* **Task requirements**
Look through the data and write out every line with the word "color" in it.

Dataset records:

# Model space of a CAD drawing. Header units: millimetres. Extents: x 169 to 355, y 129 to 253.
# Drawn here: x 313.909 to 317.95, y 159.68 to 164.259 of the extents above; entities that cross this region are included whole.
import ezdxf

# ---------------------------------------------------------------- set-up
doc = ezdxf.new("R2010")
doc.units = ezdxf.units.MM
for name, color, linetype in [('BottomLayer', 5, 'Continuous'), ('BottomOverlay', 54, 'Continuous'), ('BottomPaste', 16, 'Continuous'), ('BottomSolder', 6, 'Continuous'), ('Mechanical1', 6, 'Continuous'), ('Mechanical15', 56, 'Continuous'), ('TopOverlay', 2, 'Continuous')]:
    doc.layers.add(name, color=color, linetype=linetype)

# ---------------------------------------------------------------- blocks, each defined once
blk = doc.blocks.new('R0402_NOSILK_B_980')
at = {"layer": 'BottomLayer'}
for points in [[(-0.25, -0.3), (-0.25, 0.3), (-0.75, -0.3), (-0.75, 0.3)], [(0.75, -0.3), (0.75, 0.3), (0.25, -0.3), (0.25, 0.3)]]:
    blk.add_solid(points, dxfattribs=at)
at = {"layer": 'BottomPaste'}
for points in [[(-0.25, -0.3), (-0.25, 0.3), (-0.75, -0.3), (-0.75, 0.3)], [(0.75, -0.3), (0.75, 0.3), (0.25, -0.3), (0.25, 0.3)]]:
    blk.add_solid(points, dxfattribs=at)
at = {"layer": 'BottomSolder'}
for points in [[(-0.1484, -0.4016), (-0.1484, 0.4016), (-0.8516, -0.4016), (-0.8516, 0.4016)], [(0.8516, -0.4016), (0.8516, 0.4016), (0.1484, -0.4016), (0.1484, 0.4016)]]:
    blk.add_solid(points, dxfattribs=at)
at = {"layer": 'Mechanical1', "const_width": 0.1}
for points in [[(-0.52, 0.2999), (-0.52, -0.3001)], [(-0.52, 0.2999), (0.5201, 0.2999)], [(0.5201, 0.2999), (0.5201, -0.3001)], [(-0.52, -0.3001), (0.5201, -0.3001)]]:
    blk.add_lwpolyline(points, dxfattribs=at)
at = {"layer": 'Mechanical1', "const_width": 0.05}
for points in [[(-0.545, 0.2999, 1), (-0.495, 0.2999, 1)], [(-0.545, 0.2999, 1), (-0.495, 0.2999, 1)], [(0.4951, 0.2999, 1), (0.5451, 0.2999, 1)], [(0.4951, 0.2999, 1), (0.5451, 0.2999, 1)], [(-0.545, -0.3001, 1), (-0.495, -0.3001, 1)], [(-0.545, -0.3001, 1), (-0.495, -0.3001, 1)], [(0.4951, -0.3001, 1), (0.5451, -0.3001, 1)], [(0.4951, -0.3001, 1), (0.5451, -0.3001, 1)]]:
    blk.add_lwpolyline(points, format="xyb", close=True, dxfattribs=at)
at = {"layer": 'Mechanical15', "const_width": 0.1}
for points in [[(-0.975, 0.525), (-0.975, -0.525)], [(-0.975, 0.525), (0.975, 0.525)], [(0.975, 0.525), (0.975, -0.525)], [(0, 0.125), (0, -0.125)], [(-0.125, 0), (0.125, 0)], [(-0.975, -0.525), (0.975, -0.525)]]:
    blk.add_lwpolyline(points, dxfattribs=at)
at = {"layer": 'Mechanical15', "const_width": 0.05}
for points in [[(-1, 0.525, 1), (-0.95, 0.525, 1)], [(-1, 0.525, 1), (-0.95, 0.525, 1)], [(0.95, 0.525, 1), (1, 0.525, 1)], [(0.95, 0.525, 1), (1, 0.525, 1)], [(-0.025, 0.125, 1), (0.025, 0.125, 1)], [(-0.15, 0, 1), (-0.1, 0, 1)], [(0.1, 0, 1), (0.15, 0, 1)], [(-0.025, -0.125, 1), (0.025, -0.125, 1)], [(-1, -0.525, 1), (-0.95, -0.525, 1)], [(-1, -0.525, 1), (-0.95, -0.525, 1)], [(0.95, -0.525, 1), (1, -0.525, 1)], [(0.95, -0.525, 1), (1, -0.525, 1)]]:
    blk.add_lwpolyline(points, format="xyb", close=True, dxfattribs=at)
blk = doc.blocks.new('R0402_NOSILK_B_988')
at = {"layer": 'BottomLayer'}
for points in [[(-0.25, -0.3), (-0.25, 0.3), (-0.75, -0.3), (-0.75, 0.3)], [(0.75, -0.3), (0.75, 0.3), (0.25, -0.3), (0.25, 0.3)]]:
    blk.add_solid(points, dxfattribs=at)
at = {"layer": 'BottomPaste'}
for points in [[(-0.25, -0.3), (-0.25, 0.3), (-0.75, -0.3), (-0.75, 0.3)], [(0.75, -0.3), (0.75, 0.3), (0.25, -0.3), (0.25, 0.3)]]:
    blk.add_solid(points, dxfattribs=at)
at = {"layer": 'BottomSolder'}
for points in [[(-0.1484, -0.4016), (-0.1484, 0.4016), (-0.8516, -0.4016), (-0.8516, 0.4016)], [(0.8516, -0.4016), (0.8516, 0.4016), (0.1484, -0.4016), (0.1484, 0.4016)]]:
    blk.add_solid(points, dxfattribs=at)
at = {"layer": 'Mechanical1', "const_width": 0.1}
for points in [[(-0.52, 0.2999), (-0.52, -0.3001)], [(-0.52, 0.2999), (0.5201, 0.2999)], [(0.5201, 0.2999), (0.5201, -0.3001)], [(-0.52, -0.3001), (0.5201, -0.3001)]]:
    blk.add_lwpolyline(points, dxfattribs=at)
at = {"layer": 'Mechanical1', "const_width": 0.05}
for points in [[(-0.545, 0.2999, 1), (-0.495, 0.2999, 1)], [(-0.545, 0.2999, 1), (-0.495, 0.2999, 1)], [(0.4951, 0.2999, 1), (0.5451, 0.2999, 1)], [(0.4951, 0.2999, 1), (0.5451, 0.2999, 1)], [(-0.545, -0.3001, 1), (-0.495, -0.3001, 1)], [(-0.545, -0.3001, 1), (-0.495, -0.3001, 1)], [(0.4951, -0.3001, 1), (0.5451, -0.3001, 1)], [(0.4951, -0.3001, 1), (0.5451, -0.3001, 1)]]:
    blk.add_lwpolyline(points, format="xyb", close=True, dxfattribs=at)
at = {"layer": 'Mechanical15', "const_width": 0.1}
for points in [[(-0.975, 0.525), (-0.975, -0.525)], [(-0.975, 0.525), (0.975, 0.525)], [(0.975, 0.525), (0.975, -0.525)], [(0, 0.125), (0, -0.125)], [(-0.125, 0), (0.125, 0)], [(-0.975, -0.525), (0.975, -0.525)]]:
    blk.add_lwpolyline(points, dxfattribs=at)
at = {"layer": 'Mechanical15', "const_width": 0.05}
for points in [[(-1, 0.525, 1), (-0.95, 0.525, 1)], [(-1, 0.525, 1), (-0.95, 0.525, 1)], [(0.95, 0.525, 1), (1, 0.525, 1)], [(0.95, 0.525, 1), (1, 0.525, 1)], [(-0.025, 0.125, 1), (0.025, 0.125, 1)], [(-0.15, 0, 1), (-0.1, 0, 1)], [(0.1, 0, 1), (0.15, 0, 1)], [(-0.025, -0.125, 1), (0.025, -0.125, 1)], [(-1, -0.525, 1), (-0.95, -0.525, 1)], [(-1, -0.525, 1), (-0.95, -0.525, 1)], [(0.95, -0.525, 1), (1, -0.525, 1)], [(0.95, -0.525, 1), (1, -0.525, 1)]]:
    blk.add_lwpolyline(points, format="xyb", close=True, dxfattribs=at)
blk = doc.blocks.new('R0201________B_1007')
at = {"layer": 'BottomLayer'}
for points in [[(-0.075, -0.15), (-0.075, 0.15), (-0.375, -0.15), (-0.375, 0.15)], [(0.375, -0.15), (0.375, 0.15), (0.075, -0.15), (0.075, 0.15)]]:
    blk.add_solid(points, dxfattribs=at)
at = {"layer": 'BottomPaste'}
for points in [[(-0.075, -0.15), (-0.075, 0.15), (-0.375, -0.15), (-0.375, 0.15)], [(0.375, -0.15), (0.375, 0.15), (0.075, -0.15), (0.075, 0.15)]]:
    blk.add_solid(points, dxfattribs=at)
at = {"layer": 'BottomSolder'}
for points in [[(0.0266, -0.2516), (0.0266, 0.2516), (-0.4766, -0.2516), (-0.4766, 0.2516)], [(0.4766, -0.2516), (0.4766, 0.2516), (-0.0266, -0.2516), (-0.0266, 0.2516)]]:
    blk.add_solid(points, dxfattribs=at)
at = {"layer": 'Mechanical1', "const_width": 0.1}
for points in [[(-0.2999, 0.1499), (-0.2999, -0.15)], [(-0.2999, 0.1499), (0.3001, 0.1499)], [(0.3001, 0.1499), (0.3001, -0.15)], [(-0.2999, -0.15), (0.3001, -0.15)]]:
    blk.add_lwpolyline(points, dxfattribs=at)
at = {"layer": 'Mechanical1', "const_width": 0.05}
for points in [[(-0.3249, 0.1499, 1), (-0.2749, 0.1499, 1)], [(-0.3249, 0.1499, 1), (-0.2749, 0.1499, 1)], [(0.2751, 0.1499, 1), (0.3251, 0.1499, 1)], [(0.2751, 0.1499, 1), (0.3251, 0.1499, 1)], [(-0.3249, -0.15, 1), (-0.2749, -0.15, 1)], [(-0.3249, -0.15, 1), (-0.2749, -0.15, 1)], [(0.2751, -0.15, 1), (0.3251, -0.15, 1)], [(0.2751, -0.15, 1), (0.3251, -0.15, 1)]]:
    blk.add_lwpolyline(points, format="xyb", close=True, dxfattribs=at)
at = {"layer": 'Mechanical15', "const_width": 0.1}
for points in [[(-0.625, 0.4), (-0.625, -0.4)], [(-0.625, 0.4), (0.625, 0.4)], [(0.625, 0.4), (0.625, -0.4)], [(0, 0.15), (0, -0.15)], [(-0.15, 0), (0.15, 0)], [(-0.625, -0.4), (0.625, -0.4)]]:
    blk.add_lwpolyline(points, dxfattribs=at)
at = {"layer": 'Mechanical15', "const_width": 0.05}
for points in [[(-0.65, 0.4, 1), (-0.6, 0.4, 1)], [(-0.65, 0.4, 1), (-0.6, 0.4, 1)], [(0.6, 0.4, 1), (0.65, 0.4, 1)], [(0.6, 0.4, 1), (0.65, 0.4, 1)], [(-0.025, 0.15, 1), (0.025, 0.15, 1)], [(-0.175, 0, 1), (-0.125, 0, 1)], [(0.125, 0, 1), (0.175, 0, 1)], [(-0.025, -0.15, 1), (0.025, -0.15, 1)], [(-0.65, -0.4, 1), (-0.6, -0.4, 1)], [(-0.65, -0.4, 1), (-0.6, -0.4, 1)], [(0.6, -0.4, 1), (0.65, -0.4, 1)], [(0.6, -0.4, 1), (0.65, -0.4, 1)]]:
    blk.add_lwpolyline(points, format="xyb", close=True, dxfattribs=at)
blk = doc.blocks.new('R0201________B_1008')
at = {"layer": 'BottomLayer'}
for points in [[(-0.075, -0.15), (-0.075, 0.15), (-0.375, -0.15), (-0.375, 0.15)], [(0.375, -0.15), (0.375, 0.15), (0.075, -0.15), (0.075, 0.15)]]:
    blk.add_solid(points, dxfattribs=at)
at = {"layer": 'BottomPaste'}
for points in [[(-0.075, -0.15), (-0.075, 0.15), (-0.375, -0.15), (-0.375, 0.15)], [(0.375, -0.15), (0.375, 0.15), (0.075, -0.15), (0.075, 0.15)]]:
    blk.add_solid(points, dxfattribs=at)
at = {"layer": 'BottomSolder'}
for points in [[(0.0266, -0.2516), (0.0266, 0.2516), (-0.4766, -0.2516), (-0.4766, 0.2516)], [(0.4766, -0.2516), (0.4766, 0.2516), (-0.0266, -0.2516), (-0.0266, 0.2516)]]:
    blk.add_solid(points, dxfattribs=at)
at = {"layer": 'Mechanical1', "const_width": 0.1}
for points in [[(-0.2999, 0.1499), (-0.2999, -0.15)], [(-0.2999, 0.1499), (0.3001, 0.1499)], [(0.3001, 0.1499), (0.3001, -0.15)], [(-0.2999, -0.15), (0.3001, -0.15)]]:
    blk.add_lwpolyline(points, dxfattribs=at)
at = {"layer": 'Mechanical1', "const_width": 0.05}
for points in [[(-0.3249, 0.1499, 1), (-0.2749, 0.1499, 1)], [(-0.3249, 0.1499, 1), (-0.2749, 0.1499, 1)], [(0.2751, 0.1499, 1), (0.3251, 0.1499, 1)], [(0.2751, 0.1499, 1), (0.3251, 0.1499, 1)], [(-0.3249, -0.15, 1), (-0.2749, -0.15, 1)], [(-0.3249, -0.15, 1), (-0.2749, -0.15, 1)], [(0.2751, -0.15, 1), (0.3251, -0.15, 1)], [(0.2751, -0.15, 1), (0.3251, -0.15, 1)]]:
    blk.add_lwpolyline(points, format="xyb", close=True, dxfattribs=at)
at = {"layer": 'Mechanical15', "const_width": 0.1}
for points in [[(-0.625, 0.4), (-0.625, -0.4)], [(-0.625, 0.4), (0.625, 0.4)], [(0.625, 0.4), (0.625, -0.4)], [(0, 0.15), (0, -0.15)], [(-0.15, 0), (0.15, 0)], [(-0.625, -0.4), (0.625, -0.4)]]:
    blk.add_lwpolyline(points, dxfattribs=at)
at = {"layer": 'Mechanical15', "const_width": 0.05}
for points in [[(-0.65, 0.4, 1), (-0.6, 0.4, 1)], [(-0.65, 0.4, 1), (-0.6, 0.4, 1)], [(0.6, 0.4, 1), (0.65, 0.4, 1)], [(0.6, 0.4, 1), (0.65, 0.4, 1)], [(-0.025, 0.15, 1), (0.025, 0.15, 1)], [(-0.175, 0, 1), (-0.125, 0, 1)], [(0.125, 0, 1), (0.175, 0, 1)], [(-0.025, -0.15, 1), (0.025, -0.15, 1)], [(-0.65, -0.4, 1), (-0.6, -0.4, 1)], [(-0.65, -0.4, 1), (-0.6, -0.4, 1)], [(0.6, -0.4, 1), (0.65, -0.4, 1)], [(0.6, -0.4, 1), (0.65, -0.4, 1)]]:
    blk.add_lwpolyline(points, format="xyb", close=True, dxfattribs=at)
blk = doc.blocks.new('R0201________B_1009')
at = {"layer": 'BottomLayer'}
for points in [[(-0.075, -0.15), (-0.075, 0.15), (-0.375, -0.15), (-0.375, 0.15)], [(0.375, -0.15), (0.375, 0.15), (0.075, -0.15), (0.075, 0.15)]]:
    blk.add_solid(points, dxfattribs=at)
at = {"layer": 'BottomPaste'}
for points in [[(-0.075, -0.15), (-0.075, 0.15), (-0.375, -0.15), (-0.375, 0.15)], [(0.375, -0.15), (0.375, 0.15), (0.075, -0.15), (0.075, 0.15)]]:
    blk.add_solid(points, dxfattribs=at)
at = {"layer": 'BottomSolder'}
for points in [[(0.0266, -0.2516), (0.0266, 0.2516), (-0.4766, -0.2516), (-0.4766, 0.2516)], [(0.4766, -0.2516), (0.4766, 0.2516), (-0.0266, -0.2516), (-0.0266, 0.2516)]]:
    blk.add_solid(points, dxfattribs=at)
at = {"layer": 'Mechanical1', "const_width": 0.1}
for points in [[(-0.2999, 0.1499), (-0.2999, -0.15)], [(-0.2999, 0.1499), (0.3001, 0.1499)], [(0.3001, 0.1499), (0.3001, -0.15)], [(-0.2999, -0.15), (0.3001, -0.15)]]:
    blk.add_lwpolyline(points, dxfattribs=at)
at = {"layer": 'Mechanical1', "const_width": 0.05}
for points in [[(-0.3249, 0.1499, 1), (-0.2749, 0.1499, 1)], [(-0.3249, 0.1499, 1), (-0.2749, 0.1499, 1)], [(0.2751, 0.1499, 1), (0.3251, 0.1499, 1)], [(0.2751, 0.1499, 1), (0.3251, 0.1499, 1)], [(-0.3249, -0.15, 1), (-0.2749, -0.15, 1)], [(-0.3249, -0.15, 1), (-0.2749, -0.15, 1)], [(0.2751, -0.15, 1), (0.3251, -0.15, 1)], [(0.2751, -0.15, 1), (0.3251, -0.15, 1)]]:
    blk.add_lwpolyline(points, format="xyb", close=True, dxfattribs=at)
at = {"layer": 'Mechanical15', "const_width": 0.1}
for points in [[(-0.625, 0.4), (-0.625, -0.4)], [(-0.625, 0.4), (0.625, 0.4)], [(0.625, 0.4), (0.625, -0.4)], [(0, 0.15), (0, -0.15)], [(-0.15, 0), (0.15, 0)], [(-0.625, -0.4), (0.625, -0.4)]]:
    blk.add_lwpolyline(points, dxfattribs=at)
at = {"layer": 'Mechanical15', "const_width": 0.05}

* **Task answer**
for name, color, linetype in [('BottomLayer', 5, 'Continuous'), ('BottomOverlay', 54, 'Continuous'), ('BottomPaste', 16, 'Continuous'), ('BottomSolder', 6, 'Continuous'), ('Mechanical1', 6, 'Continuous'), ('Mechanical15', 56, 'Continuous'), ('TopOverlay', 2, 'Continuous')]:
    doc.layers.add(name, color=color, linetype=linetype)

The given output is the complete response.